== Data under study
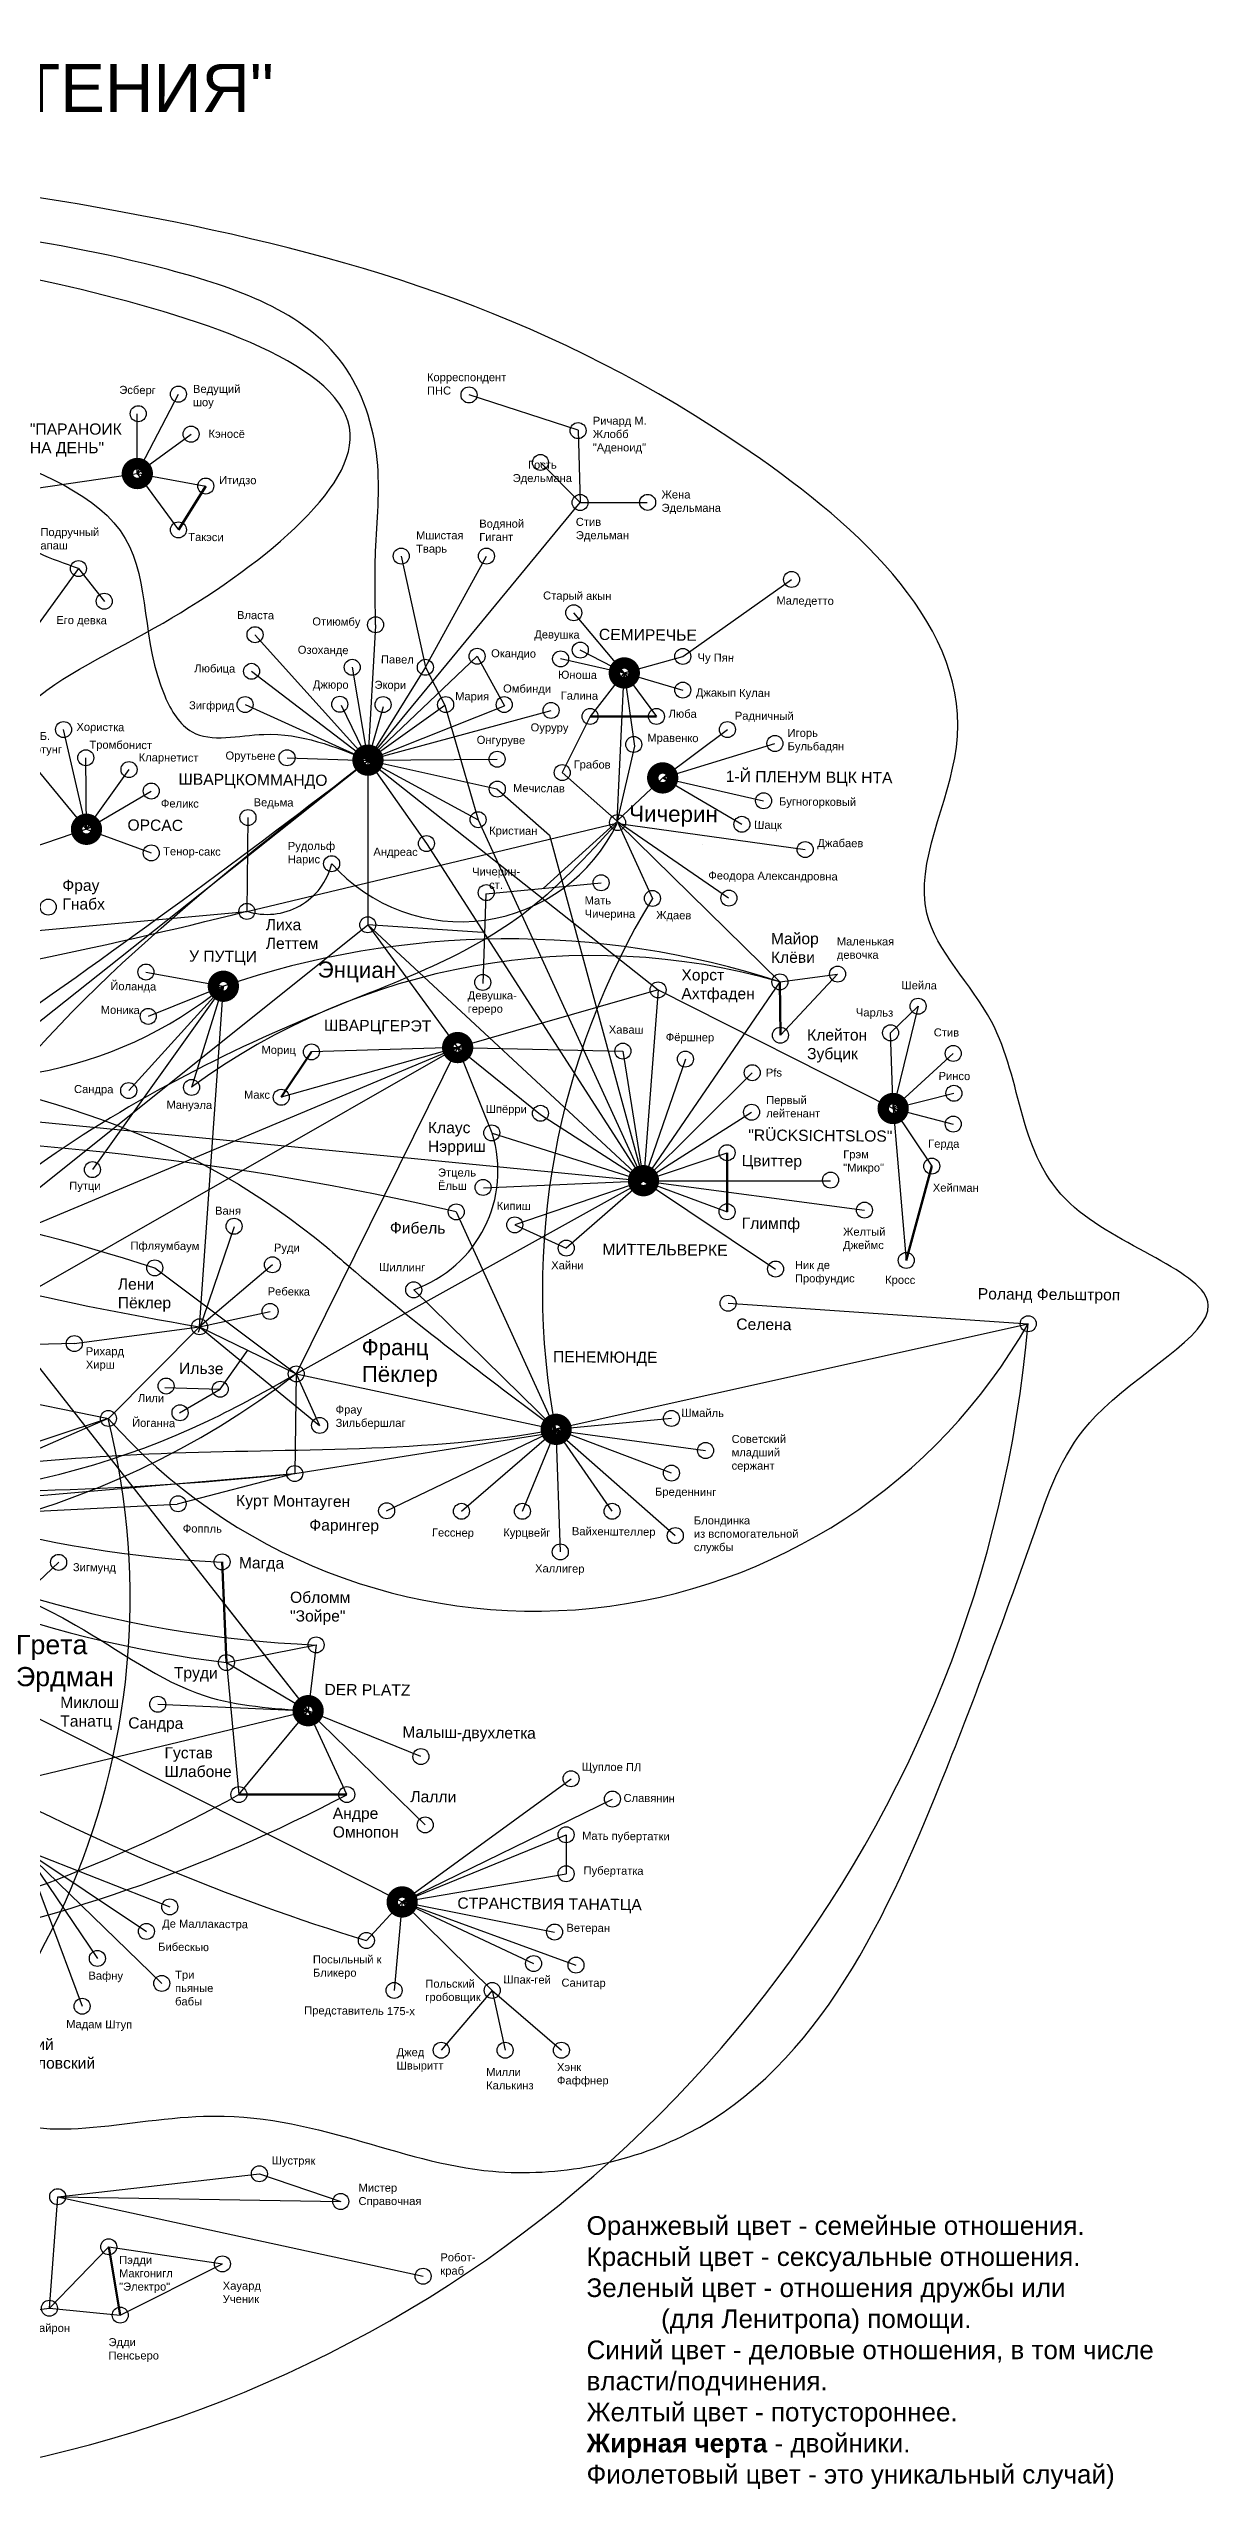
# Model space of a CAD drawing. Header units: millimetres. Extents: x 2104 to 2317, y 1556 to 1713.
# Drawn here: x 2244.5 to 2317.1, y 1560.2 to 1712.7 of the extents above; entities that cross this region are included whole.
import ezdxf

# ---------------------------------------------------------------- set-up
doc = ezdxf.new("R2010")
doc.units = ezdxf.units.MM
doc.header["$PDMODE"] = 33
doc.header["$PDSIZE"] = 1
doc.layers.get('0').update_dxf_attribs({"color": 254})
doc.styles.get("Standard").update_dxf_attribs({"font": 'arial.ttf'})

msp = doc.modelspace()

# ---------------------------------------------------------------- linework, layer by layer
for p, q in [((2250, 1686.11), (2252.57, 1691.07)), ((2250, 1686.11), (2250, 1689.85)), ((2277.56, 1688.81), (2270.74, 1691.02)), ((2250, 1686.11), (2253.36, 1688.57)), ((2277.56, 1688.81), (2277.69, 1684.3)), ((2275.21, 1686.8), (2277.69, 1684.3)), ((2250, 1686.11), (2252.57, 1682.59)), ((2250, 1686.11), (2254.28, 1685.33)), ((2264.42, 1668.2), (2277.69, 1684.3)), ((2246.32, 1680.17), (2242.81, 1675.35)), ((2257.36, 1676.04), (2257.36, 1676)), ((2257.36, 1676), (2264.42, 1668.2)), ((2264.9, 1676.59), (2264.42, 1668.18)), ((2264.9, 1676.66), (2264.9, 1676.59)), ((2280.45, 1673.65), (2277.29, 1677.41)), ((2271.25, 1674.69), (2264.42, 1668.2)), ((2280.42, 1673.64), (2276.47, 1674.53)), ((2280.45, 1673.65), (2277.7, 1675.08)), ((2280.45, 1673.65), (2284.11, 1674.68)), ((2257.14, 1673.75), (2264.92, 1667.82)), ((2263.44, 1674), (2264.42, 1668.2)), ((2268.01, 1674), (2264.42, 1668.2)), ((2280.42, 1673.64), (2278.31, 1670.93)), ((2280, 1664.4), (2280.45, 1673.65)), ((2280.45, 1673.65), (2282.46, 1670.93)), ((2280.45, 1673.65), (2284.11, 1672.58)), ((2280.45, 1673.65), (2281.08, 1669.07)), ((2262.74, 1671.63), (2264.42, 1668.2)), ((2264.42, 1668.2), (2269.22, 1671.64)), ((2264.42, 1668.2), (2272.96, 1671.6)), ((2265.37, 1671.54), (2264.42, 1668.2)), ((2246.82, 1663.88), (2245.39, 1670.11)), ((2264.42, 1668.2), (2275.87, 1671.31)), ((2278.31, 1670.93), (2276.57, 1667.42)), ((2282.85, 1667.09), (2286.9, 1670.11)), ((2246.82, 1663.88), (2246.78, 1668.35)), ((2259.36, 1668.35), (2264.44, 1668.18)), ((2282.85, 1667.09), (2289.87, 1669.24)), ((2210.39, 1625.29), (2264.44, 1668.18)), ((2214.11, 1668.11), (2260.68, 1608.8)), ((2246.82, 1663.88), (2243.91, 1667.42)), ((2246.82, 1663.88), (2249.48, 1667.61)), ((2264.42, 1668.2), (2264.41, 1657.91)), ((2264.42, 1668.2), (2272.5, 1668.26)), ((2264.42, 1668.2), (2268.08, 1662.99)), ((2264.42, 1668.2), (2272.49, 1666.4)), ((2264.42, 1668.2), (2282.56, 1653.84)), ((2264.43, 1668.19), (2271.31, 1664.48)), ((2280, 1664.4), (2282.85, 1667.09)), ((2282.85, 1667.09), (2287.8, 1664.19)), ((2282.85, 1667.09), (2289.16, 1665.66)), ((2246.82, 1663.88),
====
Could you set down every entry again exactly as written, leaving out any pictures?

* _Answer to the exercise_:
# Model space of a CAD drawing. Header units: millimetres. Extents: x 2104 to 2317, y 1556 to 1713.
# Drawn here: x 2244.5 to 2317.1, y 1560.2 to 1712.7 of the extents above; entities that cross this region are included whole.
import ezdxf

# ---------------------------------------------------------------- set-up
doc = ezdxf.new("R2010")
doc.units = ezdxf.units.MM
doc.header["$PDMODE"] = 33
doc.header["$PDSIZE"] = 1
doc.layers.get('0').update_dxf_attribs({"color": 254})
doc.styles.get("Standard").update_dxf_attribs({"font": 'arial.ttf'})

msp = doc.modelspace()

# ---------------------------------------------------------------- linework, layer by layer
for p, q in [((2250, 1686.11), (2252.57, 1691.07)), ((2250, 1686.11), (2250, 1689.85)), ((2277.56, 1688.81), (2270.74, 1691.02)), ((2250, 1686.11), (2253.36, 1688.57)), ((2277.56, 1688.81), (2277.69, 1684.3)), ((2275.21, 1686.8), (2277.69, 1684.3)), ((2250, 1686.11), (2252.57, 1682.59)), ((2250, 1686.11), (2254.28, 1685.33)), ((2264.42, 1668.2), (2277.69, 1684.3)), ((2246.32, 1680.17), (2242.81, 1675.35)), ((2257.36, 1676.04), (2257.36, 1676)), ((2257.36, 1676), (2264.42, 1668.2)), ((2264.9, 1676.59), (2264.42, 1668.18)), ((2264.9, 1676.66), (2264.9, 1676.59)), ((2280.45, 1673.65), (2277.29, 1677.41)), ((2271.25, 1674.69), (2264.42, 1668.2)), ((2280.42, 1673.64), (2276.47, 1674.53)), ((2280.45, 1673.65), (2277.7, 1675.08)), ((2280.45, 1673.65), (2284.11, 1674.68)), ((2257.14, 1673.75), (2264.92, 1667.82)), ((2263.44, 1674), (2264.42, 1668.2)), ((2268.01, 1674), (2264.42, 1668.2)), ((2280.42, 1673.64), (2278.31, 1670.93)), ((2280, 1664.4), (2280.45, 1673.65)), ((2280.45, 1673.65), (2282.46, 1670.93)), ((2280.45, 1673.65), (2284.11, 1672.58)), ((2280.45, 1673.65), (2281.08, 1669.07)), ((2262.74, 1671.63), (2264.42, 1668.2)), ((2264.42, 1668.2), (2269.22, 1671.64)), ((2264.42, 1668.2), (2272.96, 1671.6)), ((2265.37, 1671.54), (2264.42, 1668.2)), ((2246.82, 1663.88), (2245.39, 1670.11)), ((2264.42, 1668.2), (2275.87, 1671.31)), ((2278.31, 1670.93), (2276.57, 1667.42)), ((2282.85, 1667.09), (2286.9, 1670.11)), ((2246.82, 1663.88), (2246.78, 1668.35)), ((2259.36, 1668.35), (2264.44, 1668.18)), ((2282.85, 1667.09), (2289.87, 1669.24)), ((2210.39, 1625.29), (2264.44, 1668.18)), ((2214.11, 1668.11), (2260.68, 1608.8)), ((2246.82, 1663.88), (2243.91, 1667.42)), ((2246.82, 1663.88), (2249.48, 1667.61)), ((2264.42, 1668.2), (2264.41, 1657.91)), ((2264.42, 1668.2), (2272.5, 1668.26)), ((2264.42, 1668.2), (2268.08, 1662.99)), ((2264.42, 1668.2), (2272.49, 1666.4)), ((2264.42, 1668.2), (2282.56, 1653.84)), ((2264.43, 1668.19), (2271.31, 1664.48)), ((2280, 1664.4), (2282.85, 1667.09)), ((2282.85, 1667.09), (2287.8, 1664.19)), ((2282.85, 1667.09), (2289.16, 1665.66)), ((2246.82, 1663.88),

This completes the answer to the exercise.